The deal will see the two firms combine their partnerships under a ‘global managed lockstep’, a break from previous attempts to usher in more radical performance-based rewards for the combined partnership.

As Legal Business reported three weeks ago, the firm has decided to allow legacy Freehills some latitude when it comes to how they pay their partners.

Both legacy firms will use the same core ladder but the limited carve-outs will allow the legacy Freehills side to pay additional bonuses to high billers or star laterals. A statement announcing the move described this as a ‘variable, performance-related component to the system that is specific to Australia partners above a certain point in the lockstep’. There will also be a common bonus pool to reward ‘exceptional partner performance’.

The new, more merit-based system replaces Herbert Smith’s rigid lockstep, though it will run to the same range as the legacy City firm’s current system, which runs from 43 to 100 points.

CEO David Willis told Legal Business: ‘We went through a sequential consultation process and ended up with one proposal that we put to the partnership. There were lots of ideas put forward during the consultation and some weren’t as popular as others.’

‘The vast majority of the remuneration system is common to both partnerships. The difference for the partners in Australia won’t affect a large number of people. The bonuses allocated annually to all partners will be modest.’

The percentage of the firm’s profit pool that will be allocated to bonuses for legacy Freehills partners is understood to be around 5%.

The firm required a 75% majority vote in each of its partnerships to get the new system through. The vote was completed last week. Partners’ performance will be assessed using a ‘balanced scorecard’ approach, the firm said.

The exceptions from lockstep will not be available to legacy Herbert Smith partners and according to the firm these measures reflect ‘the nature of partner remuneration systems in the Australian market’.

The unusual compromise was agreed after four earlier sets of proposals sent in October failed to win support.

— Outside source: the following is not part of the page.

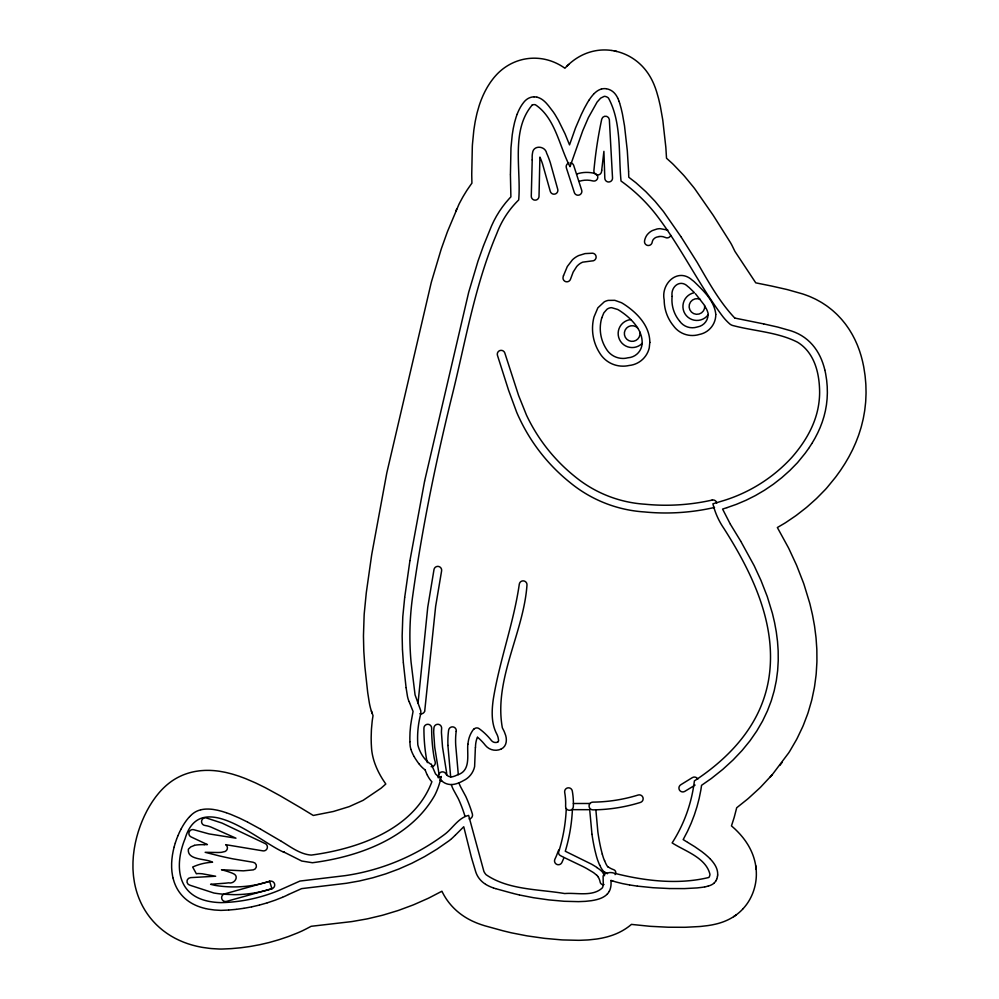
<?xml version="1.0" encoding="UTF-8"?>
<svg xmlns="http://www.w3.org/2000/svg" width="999" height="999" viewBox="0 0 999 999"><rect width="100%" height="100%" fill="white"/><g stroke="black" fill="none" stroke-linecap="round" stroke-linejoin="round"><path stroke-width="1.5" d="M708.066 314.585L708.054 314.935A14.023 14.023 0 0 1 684.964 313.773A14.023 14.023 0 0 1 694.442 292.682L689.36 287.737A13.998 13.998 0 0 0 687.961 286.613C680.232 278.621 670.479 286.788 672.115 296.303M510.427 174.55L510.964 148.139A7.73 7.73 0 0 1 511.001 147.552L512.212 135.09A7.73 7.73 0 0 1 512.275 134.615L513.211 128.771A7.73 7.73 0 0 1 513.286 128.359L514.485 122.852A7.73 7.73 0 0 1 514.61 122.34L516.083 117.233A7.73 7.73 0 0 1 516.233 116.783L517.082 114.385M475.362 747.639L474.612 766.62A20.417 20.417 0 0 1 465.472 779.532L463.449 780.606A43.444 43.444 0 0 1 458.928 782.854L457.267 783.441A19.968 19.968 0 0 1 451.336 784.565L450.025 784.49A13.462 13.462 0 0 1 441.608 780.731A3.871 3.871 0 0 1 440.072 780.244M708.054 315.022L708.054 314.997A12.525 12.525 0 0 1 697.702 326.885A3.871 3.871 0 0 0 697.19 327.023A15.597 15.597 0 0 1 679.67 321.191M611.001 880.581L610.988 881.88A7.73 7.73 0 0 1 611.026 882.442L611.051 883.241A7.73 7.73 0 0 1 611.051 883.803L611.026 884.602A7.73 7.73 0 0 1 610.988 885.164L610.889 885.976A7.73 7.73 0 0 1 610.801 886.563L610.651 887.387A7.73 7.73 0 0 1 610.514 887.974L610.289 888.81A9.141 9.141 0 0 1 610.077 889.46L610.014 889.659A9.241 9.241 0 0 1 609.777 890.259L609.69 890.459A9.291 9.291 0 0 1 609.415 891.033L609.315 891.22M717.644 875.024L717.657 874.837A9.166 9.166 0 0 0 717.669 874.237L717.669 873.675A7.73 7.73 0 0 0 717.644 873.039L717.594 872.477A7.73 7.73 0 0 0 717.519 871.89L717.419 871.315A7.73 7.73 0 0 0 717.319 870.766L717.17 870.191A7.73 7.73 0 0 0 717.045 869.692L716.857 869.105A7.73 7.73 0 0 0 716.708 868.668L716.483 868.081A7.73 7.73 0 0 0 716.32 867.681L716.058 867.082A7.73 7.73 0 0 0 715.896 866.732L715.696 866.333A12.637 12.637 0 0 0 715.421 865.821L715.084 865.209A7.73 7.73 0 0 0 714.834 864.809L714.048 863.586A7.73 7.73 0 0 0 713.736 863.148L712.811 861.912A7.73 7.73 0 0 0 712.537 861.55L711.488 860.314A7.73 7.73 0 0 0 711.238 860.027L710.064 858.778M467.832 744.267C466.945 754.495 471.053 770.304 458.091 774.675M404.682 597.577L402.797 616.645A7.73 7.73 0 0 0 402.772 617.145L402.16 635.839A7.73 7.73 0 0 0 402.16 636.263L402.447 649.15M418.032 703.096L427.747 607.242L434.041 569.305A3.871 3.871 0 0 1 438.723 566.483A3.871 3.871 0 0 1 441.558 571.153L435.639 606.381L424.725 710.976M404.72 597.24L409.902 560.839M409.94 560.551L424.612 481.093M717.419 876.697L717.382 876.885A9.728 9.728 0 0 1 717.282 877.322L717.232 877.497A9.715 9.715 0 0 1 717.107 877.934L717.057 878.121A9.728 9.728 0 0 1 716.758 878.97M424.662 480.856L468.631 292.532A7.73 7.73 0 0 1 468.731 292.133L477.922 261.363A7.73 7.73 0 0 1 478.046 260.976L483.454 245.829M174.076 847.214L173.227 850.823A7.73 7.73 0 0 0 173.152 851.21L172.477 854.869A7.73 7.73 0 0 0 172.415 855.281L171.953 858.965A7.73 7.73 0 0 0 171.903 859.427L171.653 863.111A7.73 7.73 0 0 0 171.641 863.623L171.641 867.282A7.73 7.73 0 0 0 171.653 867.831L171.915 871.453A7.73 7.73 0 0 0 171.978 872.052L172.515 875.599A7.73 7.73 0 0 0 172.602 876.086L172.977 877.821M174.176 846.852L175.187 843.318M566.258 808.578A164.835 164.835 0 0 1 559.378 849.649L558.716 851.797A3.097 3.097 0 0 0 560.064 855.381A30.882 30.882 0 0 0 561.363 856.118L563.698 857.304M175.3 842.981L176.461 839.547M424.612 711.363L424.4 711.812A6.256 6.256 0 0 1 424.2 712.125L424.125 712.237A3.859 3.859 0 0 1 419.855 713.711M176.573 839.222L177.859 835.913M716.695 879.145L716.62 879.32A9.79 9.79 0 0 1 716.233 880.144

These included more radical measures, such as discretionary gates, which were unpopular with London partners. The new system comes into place at the start of the 2014 financial year.

The ratified deal has been viewed as a somewhat unwieldy compromise that was necessary to bridge the two legacy sides of the firm, which will raise questions for some over the degree of integration between the two sides. The two firms combined formally on October 2012.

Legacy Herbert Smith’s lockstep had fixed-share partners serving four years before making it onto the equity ladder, which runs from 43 to 100 points. Freehills operated a core ‘ladder’ running to 120 points, though up to another 40 points can be handed out as bonuses, which are typically given to top-performing partners and laterals. The Freehills models meant that partners can earn well over £1m, in comparison top of equity at Herbert Smith of £933,000 during the 2011/12 year, when the City law firm saw profits per equity (PEP) partner of £840,000.

The firm is also voting on its new chief executive or joint chief executives by the end of the year, as David Willis and Gavin Bell will step down in April 2014. Partners viewed as likely contenders include litigation head Sonya Leydecker, UK managing partner Ian Cox, global head of corporate Mike Ferraro and EMEA managing partner Allen Hanen.